As has been said, Lewis was an Anglican, and Anglicans generally do accept divorce at least in the case of adultery, which Mr Gresham had been committing.
Unfortunately I don’t have the texts with me now, but I’ve read Lewis’s collected letters, and it looks as if Mr Gresham had also been married before he married Joy, and that wife was still alive - so in other words, we as Catholics would say that Gresham’s marriage to Joy was invalid, so she would have been free to marry Lewis. I think Lewis as an Anglican was not 100% convinced if adultery was grounds for divorce and remarriage, or whether the Catholic position was true - finding this out made him happy that no matter what, it would be “okay” to marry her. So I think he would have been convinced that marrying her was all right to do.
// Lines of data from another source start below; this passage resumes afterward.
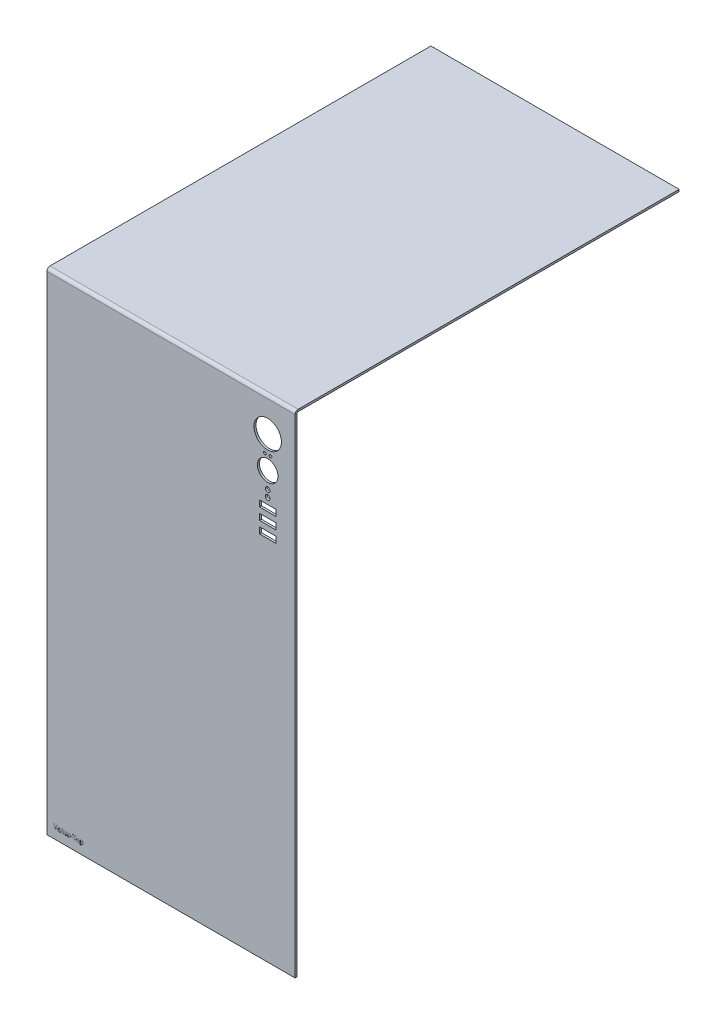
SolidWorks part; units mm, degrees
note: The reader was unsure of these and kept them because the rebuilt part matched: flange length of "Edge-Flange1".
material "6061-T6 (SS)"
ref_plane "Front Plane" through (0, 0, 0) normal (0, 0, 1) x (1, 0, 0)
ref_plane "Top Plane" through (0, 0, 0) normal (0, 1, 0) x (1, 0, 0)
ref_plane "Right Plane" through (0, 0, 0) normal (1, 0, 0) x (0, 0, -1)
sketch "Sketch1" plane through (0, 0, 0) normal (0, 0, 1) x (1, 0, 0)
  line L1 (0, 0) -> (181, 0)
  line L2 (0, 0) -> (0, -358)
  line L3 (0, -358) -> (181, -358)
  line L4 (181, 0) -> (181, -358)
  dimension "D1" = 181
  dimension "D2" = 358
base flange "Base-Flange1" sketch "Sketch1" thickness 1.5 reverse thickness direction no parameters "D1"=0.7366
edge flange "Edge-Flange1" sketch "Sketch8" flange angle 90 flange length 280 flange position material inside bend radius 0.7366 thickness 1.5 relief rectangular parameters "D6"=10
sketch "Sketch8" plane through (0, 0, -1.5) normal (0, 1, 0) x (1, 0, 0)
  line L2 (0, 0) -> (0, 278.5)
  line L3 (0, 278.5) -> (181, 278.5)
  line L4 (181, 278.5) -> (181, 0)
  line L11 (181, 0) -> (0, 0) construction
  line L12 (181, 0) -> (0, 0)
bend "EdgeBend1" bend radius 0.7366 bend angle 90 parameters "D5"=1
sketch "Sketch9" plane through (0, 0, 0) normal (0, 0, 1) x (1, 0, 0)
  line L0 (161, -2.2366) -> (161, -191.6907) construction
  line L1 (181, -2.2366) -> (0, -2.2366) construction
  line L3 (155, -73.5663) -> (167, -73.5663)
  line L4 (155, -73.5663) -> (155, -69.0663)
  line L5 (155, -69.0663) -> (167, -69.0663)
  line L6 (167, -73.5663) -> (167, -69.0663)
  line L7 (155, -73.5663) -> (167, -69.0663) construction
  line L8 (155, -69.0663) -> (167, -73.5663) construction
  line L9 (155, -77.5663) -> (167, -77.5663)
  line L10 (155, -77.5663) -> (155, -82.0663)
  line L11 (155, -82.0663) -> (167, -82.0663)
  line L12 (167, -77.5663) -> (167, -82.0663)
  line L13 (155, -77.5663) -> (167, -82.0663) construction
  line L14 (155, -82.0663) -> (167, -77.5663) construction
  line L15 (155, -90.5663) -> (167, -90.5663)
  line L16 (155, -90.5663) -> (155, -86.0663)
  line L17 (155, -86.0663) -> (167, -86.0663)
  line L18 (167, -90.5663) -> (167, -86.0663)
  line L19 (155, -90.5663) -> (167, -86.0663) construction
  line L20 (155, -86.0663) -> (167, -90.5663) construction
  circle A0 centre (161, -24.5663) radius 10
  circle A1 centre (161, -47.5663) radius 7.5
  circle A2 centre (159, -37.5663) radius 1
  circle A3 centre (163, -37.5663) radius 1
  circle A4 centre (161, -59.5663) radius 1.75
  circle A5 centre (161, -64.5663) radius 1.75
  point P16 (161, -88.3163)
  point P17 (161, -79.8163)
  point P20 (161, -71.3163)
  dimension "D1" = 2
  dimension "D3" = 12
  dimension "D8" = 4.5
  dimension "D10" = 5
  dimension "D11" = 13
  dimension "D2" = 2
  dimension "D4" = 4.5
  dimension "D5" = 12
  dimension "4.5" = 4.5
  dimension "D6" = 12
  dimension "D7" = 4.5
  dimension "D9" = 4
  dimension "4" = 4
  dimension "12" = 12
  dimension "10" = 10
  dimension "D12" = 20
extrude "Cut-Extrude1" cut sketch "Sketch9" against normal up to next normal cut yes
sketch "Sketch10" plane through (0, 0, 0) normal (0, 0, 1) x (1, 0, 0)
  line L0 (4.8823, -351.6341) -> (32.9758, -351.6341) construction
  text T0 "<b>Value-Top</b>" font "Franklin Gothic Book" height 3.5
extrude "Cut-Extrude2" cut sketch "Sketch10" against normal blind 0.05 normal cut yes
sketch "Bend-Lines1" [suppressed] plane through (0, 0, 0) normal (0, 1, 0) x (1, 0, 0)
sketch "Bounding-Box1" [suppressed] plane through (0, 0, 0) normal (0, 1, 0) x (1, 0, 0)
sheet metal parameters "Sheet-Metal1" thickness 1.5 parameters "D1"=0.7366
flat pattern "Flat-Pattern1" [suppressed]
sketch "Bend-Lines2" plane through (0, 0, 0) normal (0, 1, 0) x (1, 0, 0)
sketch3d "Bounding-Box2" [suppressed]
  line L0 (-181, 0, 0) -> (-181, -358, 0) construction
  line L1 (0, 0, 0) -> (0, -358, 0) construction
  line L2 (-181, 0, 0) -> (0, 0, 0) construction
  line L3 (-181, -358, 0) -> (0, -358, 0) construction
sheet metal parameters "Sheet-Metal2" thickness 1.5 parameters "D1"=0.7366
flat pattern "Flat-Pattern1"
sketch "Bend-Lines2" plane through (0, 0, 0) normal (0, 0, 1) x (1, 0, 0)
  line L0 (181, -1.069) -> (0, -1.069) construction
  line L1 (181, -1.069) -> (0, -1.069) construction
sketch3d "Bounding-Box2" [suppressed]
  line L0 (181, 277.8619, 0) -> (181, -358, 0) construction
  line L1 (0, 277.8619, 0) -> (0, -358, 0) construction
  line L2 (181, 277.8619, 0) -> (0, 277.8619, 0) construction
  line L3 (181, -358, 0) -> (0, -358, 0) construction
bend of the flat pattern "Flatten-<EdgeBend1>1"
sheet metal parameters "Sheet-Metal3" thickness 1.5 parameters "D1"=0.7366
flat pattern "Flat-Pattern1"
sketch "Bend-Lines2" plane through (0, 0, 0) normal (0, 0, 1) x (1, 0, 0)
  line L0 (181, -1.069) -> (0, -1.069) construction
  line L1 (181, -1.069) -> (0, -1.069) construction
sketch3d "Bounding-Box2" [suppressed]
  line L0 (181, 277.8619, 0) -> (181, -358, 0) construction
  line L1 (0, 277.8619, 0) -> (0, -358, 0) construction
  line L2 (181, 277.8619, 0) -> (0, 277.8619, 0) construction
  line L3 (181, -358, 0) -> (0, -358, 0) construction
bend of the flat pattern "Flatten-<EdgeBend1>1"
sheet metal parameters "Sheet-Metal4" thickness 1.5 parameters "D1"=0.7366
flat pattern "Flat-Pattern1"
sketch "Bend-Lines2" plane through (0, 0, 0) normal (0, 0, 1) x (1, 0, 0)
  line L0 (181, -1.069) -> (0, -1.069) construction
  line L1 (181, -1.069) -> (0, -1.069) construction
sketch3d "Bounding-Box2" [suppressed]
  line L0 (181, 277.8619, 0) -> (181, -358, 0) construction
  line L1 (0, 277.8619, 0) -> (0, -358, 0) construction
  line L2 (181, 277.8619, 0) -> (0, 277.8619, 0) construction
  line L3 (181, -358, 0) -> (0, -358, 0) construction
bend of the flat pattern "Flatten-<EdgeBend1>1"

Interestingly, Lewis and Joy were first married in a civil ceremony, because Joy’s visa had expired and otherwise she would be forced to return to the US. It was purely a marriage of “convenience”, and they didn’t intend for it to be anything else - their relationship had been platonic up until then. It was only when Joy was diagnosed with cancer, and the two of them had fallen in love, that Lewis had an Anglican priest marry them “in the eyes of God”. They took their vows again in her hospital room, and afterwards she was discharged and allowed to go home, where she moved in with Lewis - her cancer would go into remission and she would live another three years instead of the expected weeks or months.